**WHAT THE EXERCISE ASKS:** Locate each line in the records containing "blocks". Copy it.

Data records

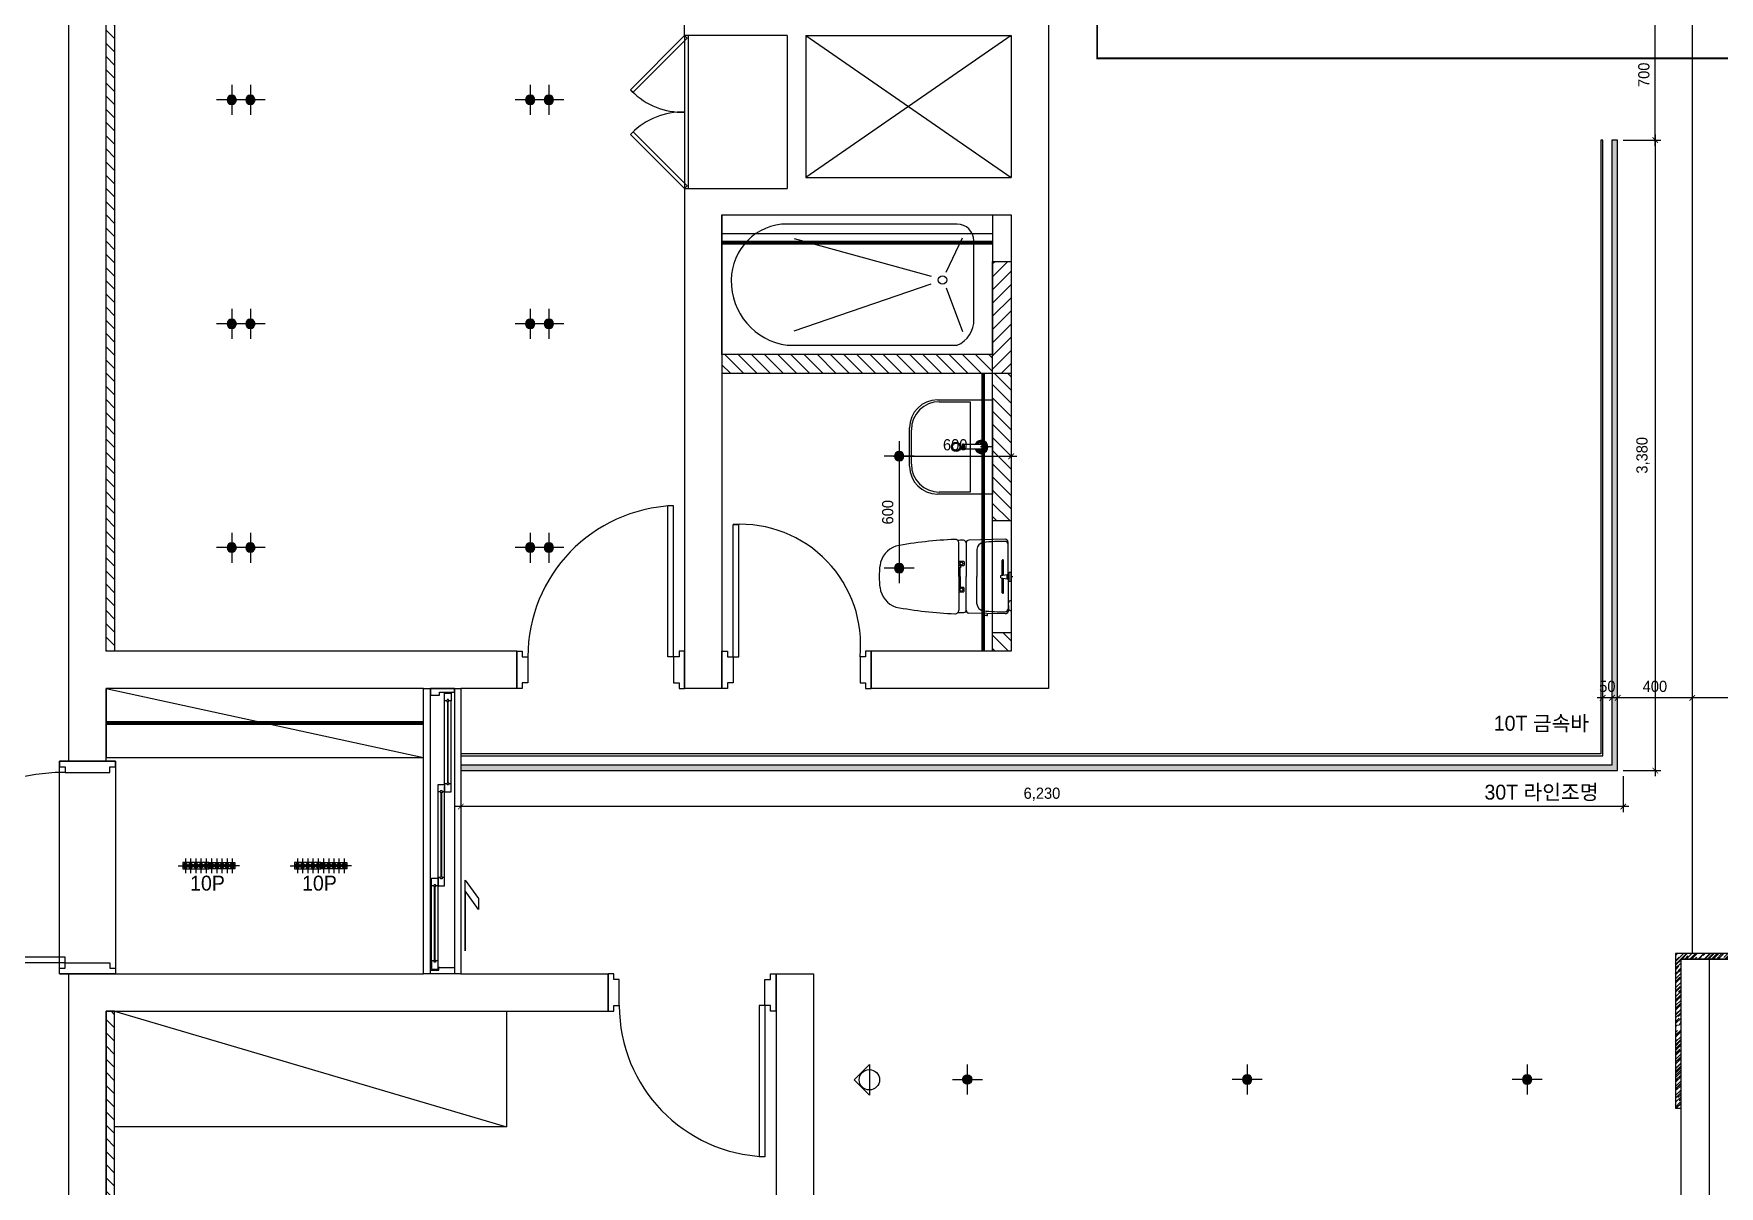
# Model space of a CAD drawing. Header units: millimetres. Extents: x 145965 to 228269, y 99354 to 115204.
# Drawn here: x 191959 to 200993, y 105421 to 111600 of the extents above; entities that cross this region are included whole.
import ezdxf

# ---------------------------------------------------------------- set-up
doc = ezdxf.new("R2010")
doc.units = ezdxf.units.MM
doc.header["$LTSCALE"] = 50
for name, pattern in [('DASHEDX2', [1.5, 1, -0.5]), ('HID', [2.5, 1.5, -1]), ('HIDDEN', [9.525, 6.35, -3.175])]:
    doc.linetypes.add(name, pattern=pattern)
for name, color, linetype in [('0-ELC TEXT', 7, 'Continuous'), ('03-WAL NEW', 3, 'Continuous'), ('06-FUR', 6, 'Continuous'), ('07-DIM WAL', 5, 'Continuous'), ('3.기호.계단선', 30, 'Continuous'), ('CEIL-LIGHT', 7, 'Continuous'), ('CO-BATH', 6, 'Continuous'), ('CO-DOOR', 8, 'Continuous'), ('fin', 5, 'Continuous'), ('HAT', 8, 'Continuous'), ('HL', 6, 'HIDDEN'), ('RC-LIGHT', 7, 'Continuous'), ('도면층8', 8, 'Continuous'), ('벽1', 2, 'Continuous'), ('창호', 4, 'Continuous'), ('틀', 8, 'Continuous')]:
    doc.layers.add(name, color=color, linetype=linetype)
doc.styles.add('HY 울릉도 L', font='')
doc.styles.add('코레일둥고', font='Korail_Round_Gothic_Medium.ttf')
doc.styles.get('HY 울릉도 L').set_extended_font_data('HY울릉도L')
doc.dimstyles.new('30', dxfattribs={"dimscale": 30, "dimtxt": 2, "dimasz": 1, "dimexe": 1, "dimexo": 1, "dimgap": 1, "dimtad": 1, "dimdec": 0, "dimrnd": 0.05, "dimdsep": 46, "dimlunit": 6, "dimtxsty": 'HY 울릉도 L', "dimblk": 'ARCHTICK', "dimcen": 2.5, "dimdle": 1, "dimclrd": 133, "dimclre": 133, "dimclrt": 30, "dimadec": 0, "dimazin": 0, "dimtfac": 1, "dimtdec": 0, "dimtix": 1, "dimtmove": 2, "dimatfit": 3, "dimldrblk": 'ARCHTICK', "dimfxl": 1, "dimlwd": -1, "dimlwe": -1, "dimarcsym": 0})
pattern_1 = [(315, (184317.335, 126387.985), (35.35534, 35.35534), [])]
pattern_2 = [(315, (43000, 40207.184), (35.355339, 35.355339), [])]

# ---------------------------------------------------------------- blocks, each defined once
blk = doc.blocks.new('_ArchTick')
at = {"color": 0, "linetype": 'ByBlock', "const_width": 0.15}
blk.add_lwpolyline([(-0.5, -0.5), (0.5, 0.5)], dxfattribs=at)
blk = doc.blocks.new('*D903')
at = {"layer": '07-DIM WAL', "color": 133}
for p, q in [((200477.9, 111029.4), (200680, 111029.4)), ((200650, 111059.4), (200650, 107619.4)), ((200477.9, 107649.4), (200680, 107649.4))]:
    blk.add_line(p, q, dxfattribs=at)
at = {"layer": 'Defpoints', "color": 0}
for p in [(200447.9, 111029.4), (200447.9, 107649.4), (200650, 107649.4)]:
    blk.add_point(p, dxfattribs=at)
at = {"layer": '07-DIM WAL', "color": 133, "xscale": 30, "yscale": 30, "zscale": 30}
for p, rotation in [((200650, 111029.4), 90), ((200650, 107649.4), 270)]:
    blk.add_blockref('_ArchTick', p, dxfattribs=dict(at, rotation=rotation))
at = {"layer": '07-DIM WAL', "color": 30, "insert": (200584, 109339.4), "char_height": 60, "attachment_point": 5, "rotation": 90, "style": 'HY 울릉도 L'}
blk.add_mtext('3,380', dxfattribs=at)
blk = doc.blocks.new('*D904')
at = {"layer": '07-DIM WAL', "color": 133}
for p, q in [((200447.9, 108060.6), (200447.9, 108069.4)), ((200847.9, 108069.4), (200847.9, 108069.4)), ((200877.9, 108039.4), (200417.9, 108039.4))]:
    blk.add_line(p, q, dxfattribs=at)
at = {"layer": 'Defpoints', "color": 0}
for p in [(200447.9, 108039.4), (200447.9, 108030.6), (200847.9, 108039.4)]:
    blk.add_point(p, dxfattribs=at)
at = {"layer": '07-DIM WAL', "color": 133, "xscale": 30, "yscale": 30, "zscale": 30, "rotation": 180}
blk.add_blockref('_ArchTick', (200447.9, 108039.4), dxfattribs=at)
at = {"layer": '07-DIM WAL', "color": 133, "xscale": 30, "yscale": 30, "zscale": 30}
blk.add_blockref('_ArchTick', (200847.9, 108039.4), dxfattribs=at)
at = {"layer": '07-DIM WAL', "color": 30, "insert": (200647.9, 108100.7), "char_height": 60, "attachment_point": 5, "style": 'HY 울릉도 L'}
blk.add_mtext('400', dxfattribs=at)
blk = doc.blocks.new('*D906')
at = {"layer": '07-DIM WAL', "color": 133}
for p, q in [((200367.9, 108060.2), (200367.9, 108069.4)), ((200417.9, 108069.4), (200417.9, 108069.4)), ((200447.9, 108039.4), (200337.9, 108039.4))]:
    blk.add_line(p, q, dxfattribs=at)
at = {"layer": 'Defpoints', "color": 0}
for p in [(200367.9, 108039.4), (200367.9, 108030.2), (200417.9, 108039.4)]:
    blk.add_point(p, dxfattribs=at)
at = {"layer": '07-DIM WAL', "color": 133, "xscale": 30, "yscale": 30, "zscale": 30}
blk.add_blockref('_ArchTick', (200367.9, 108039.4), dxfattribs=at)
at = {"layer": '07-DIM WAL', "color": 133, "xscale": 30, "yscale": 30, "zscale": 30, "rotation": 180}
blk.add_blockref('_ArchTick', (200417.9, 108039.4), dxfattribs=at)
at = {"layer": '07-DIM WAL', "color": 30, "insert": (200392.9, 108100.7), "char_height": 60, "attachment_point": 5, "style": 'HY 울릉도 L'}
blk.add_mtext('50', dxfattribs=at)
blk = doc.blocks.new('*D907')
at = {"layer": '07-DIM WAL', "color": 133}
for p, q in [((194247.9, 107619.4), (194247.9, 107426.6)), ((200477.9, 107619.4), (200477.9, 107426.6)), ((200507.9, 107456.6), (194217.9, 107456.6))]:
    blk.add_line(p, q, dxfattribs=at)
at = {"layer": 'Defpoints', "color": 0}
for p in [(194247.9, 107649.4), (200477.9, 107649.4), (194247.9, 107456.6)]:
    blk.add_point(p, dxfattribs=at)
at = {"layer": '07-DIM WAL', "color": 133, "xscale": 30, "yscale": 30, "zscale": 30, "rotation": 180}
blk.add_blockref('_ArchTick', (194247.9, 107456.6), dxfattribs=at)
at = {"layer": '07-DIM WAL', "color": 133, "xscale": 30, "yscale": 30, "zscale": 30}
blk.add_blockref('_ArchTick', (200477.9, 107456.6), dxfattribs=at)
at = {"layer": '07-DIM WAL', "color": 30, "insert": (197362.9, 107522.6), "char_height": 60, "attachment_point": 5, "style": 'HY 울릉도 L'}
blk.add_mtext('6,230', dxfattribs=at)
blk = doc.blocks.new('vidaisejh')
blk.add_lwpolyline([(151247.9, 66352.3), (151047.9, 66352.3), (151047.9, 67882.3), (151247.9, 67882.3)], close=True)
at = {"layer": '벽1'}
for p, q in [((157847.9, 73052.3), (157847.9, 67832.3)), ((149147.9, 67492.3), (149147.9, 72752.3)), ((149347.9, 68082.3), (149347.9, 72752.3)), ((152447.9, 71382.3), (152447.9, 71592.3)), ((154397.9, 71522.3), (154397.9, 67882.3)), ((152997.9, 71382.3), (152447.9, 71382.3)), ((152997.9, 71382.3), (152997.9, 70562.3)), ((153097.9, 71382.3), (154197.9, 71382.3)), ((153097.9, 71382.3), (153097.9, 70622.3)), ((154197.9, 71382.3), (154197.9, 70622.3)), ((152447.9, 70562.3), (152447.9, 67882.3)), ((152447.9, 70562.3), (152997.9, 70562.3)), ((153097.9, 70622.3), (154197.9, 70622.3)), ((152647.9, 70422.3), (152647.9, 67882.3)), ((152647.9, 70422.3), (154197.9, 70422.3)), ((154197.9, 70422.3), (154197.9, 68082.3)), ((151547.9, 68082.3), (149347.9, 68082.3)), ((151547.9, 68082.3), (151547.9, 67882.3)), ((154197.9, 68082.3), (153447.9, 68082.3)), ((153447.9, 68082.3), (153447.9, 67882.3)), ((151047.9, 67882.3), (149347.9, 67882.3)), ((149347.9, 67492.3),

**ANSWER FOR THE TASK:**
# ---------------------------------------------------------------- blocks, each defined once
blk = doc.blocks.new('_ArchTick')
blk = doc.blocks.new('*D903')
blk = doc.blocks.new('*D904')
blk = doc.blocks.new('*D906')
blk = doc.blocks.new('*D907')
blk = doc.blocks.new('vidaisejh')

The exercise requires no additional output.